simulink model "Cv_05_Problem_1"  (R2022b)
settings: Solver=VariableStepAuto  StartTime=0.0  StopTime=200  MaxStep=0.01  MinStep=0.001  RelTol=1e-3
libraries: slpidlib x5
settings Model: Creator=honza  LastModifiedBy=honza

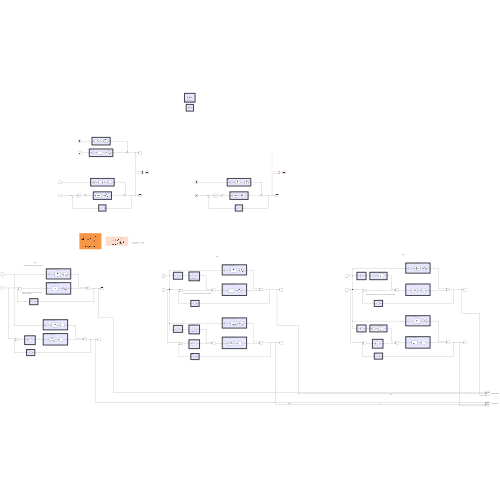
[thumbnail: Simulink's stored preview of the top-level diagram]
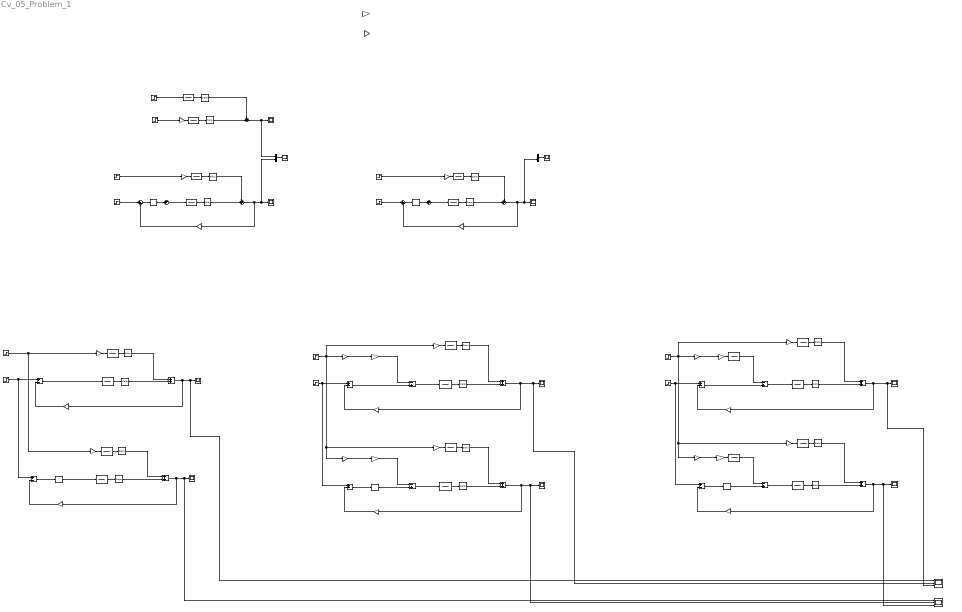
== system Cv_05_Problem_1 ==
  note: REGULOVANÁ
  note: NEREGULOVANÁ
  note: r0 = 0.35*15/(0.6*2)	= 4.375
      | Ti = 1.2*15			= 18
  note: Gt
  note: Gs
  note: Gd
  note: Gz
  note: Gs
  note: Gd
  note: Gf = -1/3
      |
      |
      |
      |
      | Gf = Gd/(Gt * Gs)
      | Ale jen to zesílení K
  note: Gs
  note: Gd
  note: Gz
  note: Gz = 1
  note: Gd = -(0.2 * e^-2s)/(10s + 1)
  note: Gt = 1
  note: Gz = 1
  note: Bod 2
  note: Bod 0
  note: Regulator vynechám, abych si ho mohl dopočítat a věděl co do něj zadat
  note: Bod 1
  note: Gd = -(0.2 * e^-2s)/(10s + 1)
  note: Gs = (0.6 * e^-2s)/(15s + 1)
  note: Gd = -(0.2 * e^-2s)/(10s + 1)
  note: Gr
  note: Gz = 1
  note: Gr
  note: Gt = 1
  note: Gf = -1/3
      |
      |
      |
      |
      | Gf = Gd/(Gt * Gs)
      | Ale jen to zesílení K
  note: Gz = 1
  note: Gz = 1
  note: Gs = (0.6 * e^-2s)/(15s + 1)
  note: Gs = (0.6 * e^-2s)/(15s + 1)
  note: Gd = -(0.2 * e^-2s)/(10s + 1)
  note: Gf = -1/3
      |
      |
      |
      |
      | Gf = Gd/(Gt * Gs)
      | Ale jen to zesílení K
  note: Gs = (0.6 * e^-2s)/(15s + 1)
  note: Regulator vynechám, abych si ho mohl dopočítat a věděl co do něj zadat
  note: Gs = (0.6 * e^-2s)/(15s + 1)
  note: Gz = 1
  note: Gd = -(0.2 * e^-2s)/(10s + 1)
  note: Gf = -1/3((15s + 1)/(10s + 1))
      |
      |
      |
      |
      | Gf = Gd/(Gt * Gs)
  note: Gf = -1/3((15s + 1)/(10s + 1))
  note: Gr
  note: Gd = -(0.2 * e^-2s)/(10s + 1)
  note: Gs = (0.6 * e^-2s)/(15s + 1)
  note: Gt = 1
  note: Gt = 1
  note: Otestujeme funkcnost bez kompenzace Gf (Gf = 0)
  note: Regulator vynechám, abych si ho mohl dopočítat a věděl co do něj zadat
  Add{,3,7,13} (4 alike) : Sum  Inputs=-+
  Add{1,4,6,9,11,14} (6 alike) : Sum
  Add{2,5,8,10,12,15} (6 alike) : Sum  Inputs=+-
  D3 : Step  Time=100  SampleTime=0
  D4 : Step  Time=100  SampleTime=0
  D5 : Step  Time=100  SampleTime=0
  Gain{,1,4,7..8,10,13,15..16,20..21,24,26} (13 alike) : Gain
  Gain{5,11,18..19,22} (5 alike) : Gain  Gain=-1/3
  Gain{2..3,6,9,12,14,17,23,25} (9 alike) : Gain  Gain=-1
  Mux : Mux  Inputs=2
  Mux1 : Mux  Inputs=2
  PID Controller{,1..4} (5 alike) : slpidlib/PID Controller  Controller=PI  Form=Ideal  TimeDomain=Continuous-time  UseExternalTs=off  SampleTime=-1  IntegratorMethod=Forward Euler  FilterMethod=Forward Euler  ControllerParametersSource=internal  P=4.375  I=1/18  UseKiTs=off  D=0  N=100  UseFilter=on  TunerSelectOption=Transfer Function Based (PID Tuner App)  InitialConditionSource=internal  InitialConditionForIntegrator=0  InitialConditionForFilter=0  DifferentiatorICPrevScaledInput=0  ExternalReset=none  TrackingMode=off  Kt=1  LimitOutput=off  SatLimitsSource=internal  UpperSaturationLimit=inf  LowerSaturationLimit=-inf  LinearizeAsGain=on  AntiWindupMode=none  Kb=1  LimitIntegrator=off  UpperIntegratorSaturationLimit=inf  LowerIntegratorSaturationLimit=-inf  POutMin=[]  POutMax=[]  IOutMin=[]  IOutMax=[]  DOutMin=[]  DOutMax=[]  NOutMin=[]  NOutMax=[]  SumOutMin=[]  SumOutMax=[]  SaturationOutMin=[]  SaturationOutMax=[]  PParamMin=[]  PParamMax=[]  IParamMin=[]  IParamMax=[]  DParamMin=[]  DParamMax=[]  NParamMin=[]  NParamMax=[]  KbParamMin=[]  KbParamMax=[]  KtParamMin=[]  KtParamMax=[]  KbOutMin=[]  KbOutMax=[]  KtOutMin=[]  KtOutMax=[]  IntegratorOutMin=[]  IntegratorOutMax=[]  FilterOutMin=[]  FilterOutMax=[]  SumI1OutMin=[]  SumI1OutMax=[]  SumI2OutMin=[]  SumI2OutMax=[]  SumI3OutMin=[]  SumI3OutMax=[]  SumI4OutMin=[]  SumI4OutMax=[]  SumDOutMin=[]  SumDOutMax=[]  DifferentiatorOutMin=[]  DifferentiatorOutMax=[]  FilterDiffOutCoefMin=[]  FilterDiffOutCoefMax=[]  ReciprocalOutMin=[]  ReciprocalOutMax=[]  SumDenOutMin=[]  SumDenOutMax=[]  SumNumOutMin=[]  SumNumOutMax=[]  DivideOutMin=[]  DivideOutMax=[]  UdiffTsProdOutMin=[]  UdiffTsProdOutMax=[]  NTsProdOutMin=[]  NTsProdOutMax=[]  UintegralTsProdOutMin=[]  UintegralTsProdOutMax=[]  UngainTsProdOutMin=[]  UngainTsProdOutMax=[]  ClampingZeroOutDataTypeStr=Inherit: Inherit via back propagation  ClampingZeroOutMin=[]  ClampingZeroOutMax=[]  FilterDenConstantOutDataTypeStr=Inherit: Inherit via back propagation  FilterDenConstantOutMin=[]  FilterDenConstantOutMax=[]  PCopyOutDataTypeStr=Inherit: Inherit via back propagation  PCopyOutMin=[]  PCopyOutMax=[]  NCopyOutDataTypeStr=Inherit: Inherit via back propagation  NCopyOutMin=[]  NCopyOutMax=[]  IntegratorContinuousStateAttributes=''  IntegratorStateMustResolveToSignalObject=off  IntegratorRTWStateStorageClass=Auto  FilterContinuousStateAttributes=''  FilterStateMustResolveToSignalObject=off  FilterRTWStateStorageClass=Auto  ParallelPVariant=Passthrough  IdealPVariant=InternalParameters  IVariant=InternalParameters  DVariant=Disabled  IntegratorVariant=Continuous  SatVariant=Disabled  AWVariant=Passthrough  PCopyVariant=Disabled  TRVariant=Disabled  FdbkBlocksVariant=Forward  IdealPFdbkVariant=Disabled  SatFdbkVariant=Disabled  DerivativeFilterVariant=Disabled  NVariant=Disabled  NCopyVariant=Disabled_SignalSpec  FilterICVariant=Disabled  IntegratorICVariant=InternalICs  ExternalResetVariant=Disabled  TRSumVariant=Passthrough  SumFdbkVariant=Disabled  SumVariant=Sum_PI  TsampFilterVariant=InternalTs  TsampNgainVariant=Passthrough  TsampIntegralVariant=Passthrough  ExternalSaturationOutDataTypeStr=Inherit: Same as second input
  Scope{,1..10} (11 alike) : Scope
  Scope11 : Scope  NumInputPorts=3
  Scope12 : Scope  NumInputPorts=3
  Step : Step  SampleTime=0
  Step1 : Step  Time=100  SampleTime=0
  Step2 : Step  Time=0  SampleTime=0
  Step3 : Step  Time=100  SampleTime=0
  Step4 : Step  SampleTime=0
  Step5 : Step  Time=100  SampleTime=0
  Sum : Sum  Inputs=|+-
  Sum1 : Sum  Inputs=++|
  Sum2 : Sum  Inputs=-+|
  Sum3 : Sum  Inputs=++|
  Sum4 : Sum  Inputs=|+-
  Sum5 : Sum  Inputs=++|
  Sum6 : Sum  Inputs=-+|
  Transfer Fcn{,2,4,6,8,10,14,16,18} (9 alike) : TransferFcn  Numerator=[0.6]  Denominator=[15 1]
  Transfer Fcn{1,3,5,7,9,11,15,17,19} (9 alike) : TransferFcn  Numerator=[0.2]  Denominator=[10 1]
  Transfer Fcn12 : TransferFcn  Numerator=[15 1]  Denominator=[10 1]
  Transfer Fcn13 : TransferFcn  Numerator=[15 1]  Denominator=[10 1]
  Transport Delay{,1..17} (18 alike) : TransportDelay  DelayTime=2
  W3 : Step  Time=0  SampleTime=0
  W4 : Step  Time=0  SampleTime=0
  W5 : Step  Time=0  SampleTime=0
  wires:
  Transfer Fcn/1 -> Transport Delay/1
  Transfer Fcn1/1 -> Transport Delay1/1
  Step/1 -> Sum/1
  Gain1/1 -> Sum/2
  Transport Delay/1 -> Sum1/2
  Sum1/1 -> Gain1/1, Mux/2, Scope/1
  Sum2/1 -> Transfer Fcn/1
  Sum/1 -> PID Controller/1
  Step2/1 -> Transfer Fcn2/1
  Transfer Fcn2/1 -> Transport Delay2/1
  Gain2/1 -> Transfer Fcn1/1
  Step1/1 -> Gain2/1
  Step3/1 -> Gain3/1
  Transfer Fcn3/1 -> Transport Delay3/1
  Gain3/1 -> Transfer Fcn3/1
  PID Controller/1 -> Sum2/2
  Transport Delay1/1 -> Sum1/1
  Transport Delay3/1 -> Sum3/2
  Transport Delay2/1 -> Sum3/1
  Sum3/1 -> Mux/1, Scope1/1
  Mux/1 -> Scope2/1
  Step5/1 -> Gain6/1
  Sum5/1 -> Gain4/1, Mux1/2, Scope3/1
  Sum4/1 -> PID Controller1/1
  Sum6/1 -> Transfer Fcn4/1
  Gain4/1 -> Sum4/2
  Step4/1 -> Sum4/1
  Transport Delay4/1 -> Sum5/2
  Transfer Fcn5/1 -> Transport Delay5/1
  Transport Delay5/1 -> Sum5/1
  Transfer Fcn4/1 -> Transport Delay4/1
  PID Controller1/1 -> Sum6/2
  Gain6/1 -> Transfer Fcn5/1
  Mux1/1 -> Scope4/1
  ? -> Mux1/1
  Add14/1 -> Scope12/3, Scope10/1, Gain16/1  "BOD 2"
  Add5/1 -> PID Controller3/1
  Add9/1 -> Scope12/2, Scope8/1, Gain10/1  "BOD 1"
  Transfer Fcn13/1 -> Add/1
  Gain17/1 -> Transfer Fcn11/1
  Gain14/1 -> Transfer Fcn19/1
  Gain7/1 -> Gain19/1
  Add11/1 -> Gain13/1, Scope12/1, Scope9/1  "BOD 0"
  Add12/1 -> Transfer Fcn18/1
  Gain22/1 -> Add3/1
  Add10/1 -> Add7/2
  Transfer Fcn12/1 -> Add13/1
  Gain24/1 -> Add8/2
  Gain13/1 -> Add12/2
  Add13/1 -> Transfer Fcn10/1
  Gain26/1 -> Gain11/1
  Gain15/1 -> Gain18/1
  Add15/1 -> Add13/2
  Gain21/1 -> Add5/2
  Transport Delay10/1 -> Add14/2
  Gain18/1 -> Transfer Fcn12/1
  Transfer Fcn17/1 -> Transport Delay15/1
  Transfer Fcn6/1 -> Transport Delay6/1
  Transport Delay14/1 -> Add9/2
  Add8/1 -> PID Controller2/1
  Transport Delay17/1 -> Add11/1
  Transfer Fcn19/1 -> Transport Delay17/1
  Gain10/1 -> Add10/2
  Transfer Fcn18/1 -> Transport Delay16/1
  Transport Delay15/1 -> Add9/1
  Add6/1 -> Gain24/1, Scope11/1, Scope7/1  "BOD 0"
  Transfer Fcn16/1 -> Transport Delay14/1
  Transport Delay11/1 -> Add14/1
  D3/1 -> Gain12/1, Gain20/1, Gain23/1, Gain26/1
  Transfer Fcn11/1 -> Transport Delay11/1
  Transport Delay8/1 -> Add4/2
  Transport Delay9/1 -> Add4/1
  W4/1 -> Add8/1, Add12/1
  Gain12/1 -> Transfer Fcn17/1
  Transport Delay13/1 -> Add6/1
  Add7/1 -> Transfer Fcn16/1
  Add4/1 -> Gain21/1, Scope11/2, Scope6/1  "BOD 1"
  Gain16/1 -> Add15/2
  Transport Delay7/1 -> Add1/1
  Gain11/1 -> Add7/1
  Transport Delay12/1 -> Add6/2
  Transport Delay16/1 -> Add11/2
  Gain23/1 -> Transfer Fcn9/1
  Add2/1 -> PID Controller4/1
  PID Controller4/1 -> Add/2
  Transfer Fcn8/1 -> Transport Delay8/1
  Transfer Fcn15/1 -> Transport Delay13/1
  W3/1 -> Add5/1, Add10/1
  PID Controller2/1 -> Transfer Fcn14/1
  Transfer Fcn10/1 -> Transport Delay10/1
  PID Controller3/1 -> Add3/2
  Gain25/1 -> Transfer Fcn15/1
  Add1/1 -> Scope11/3, Scope5/1, Gain8/1  "BOD 2"
  D4/1 -> Gain25/1, Gain14/1
  Gain19/1 -> Transfer Fcn13/1
  Transfer Fcn9/1 -> Transport Delay9/1
  Gain8/1 -> Add2/2
  Gain20/1 -> Gain22/1
  Add3/1 -> Transfer Fcn8/1
  D5/1 -> Gain7/1, Gain9/1, Gain17/1, Gain15/1
  W5/1 -> Add2/1, Add15/1
  Transport Delay6/1 -> Add1/2
  Add/1 -> Transfer Fcn6/1
  Transfer Fcn14/1 -> Transport Delay12/1
  Transfer Fcn7/1 -> Transport Delay7/1
  Gain9/1 -> Transfer Fcn7/1

▸ **EXERCISE INSTRUCTIONS**: When a line in the listing above holds the word "NumInputPorts", copy it.

▸ **RESULT FOR THIS TASK**:
  Scope11 : Scope  NumInputPorts=3
  Scope12 : Scope  NumInputPorts=3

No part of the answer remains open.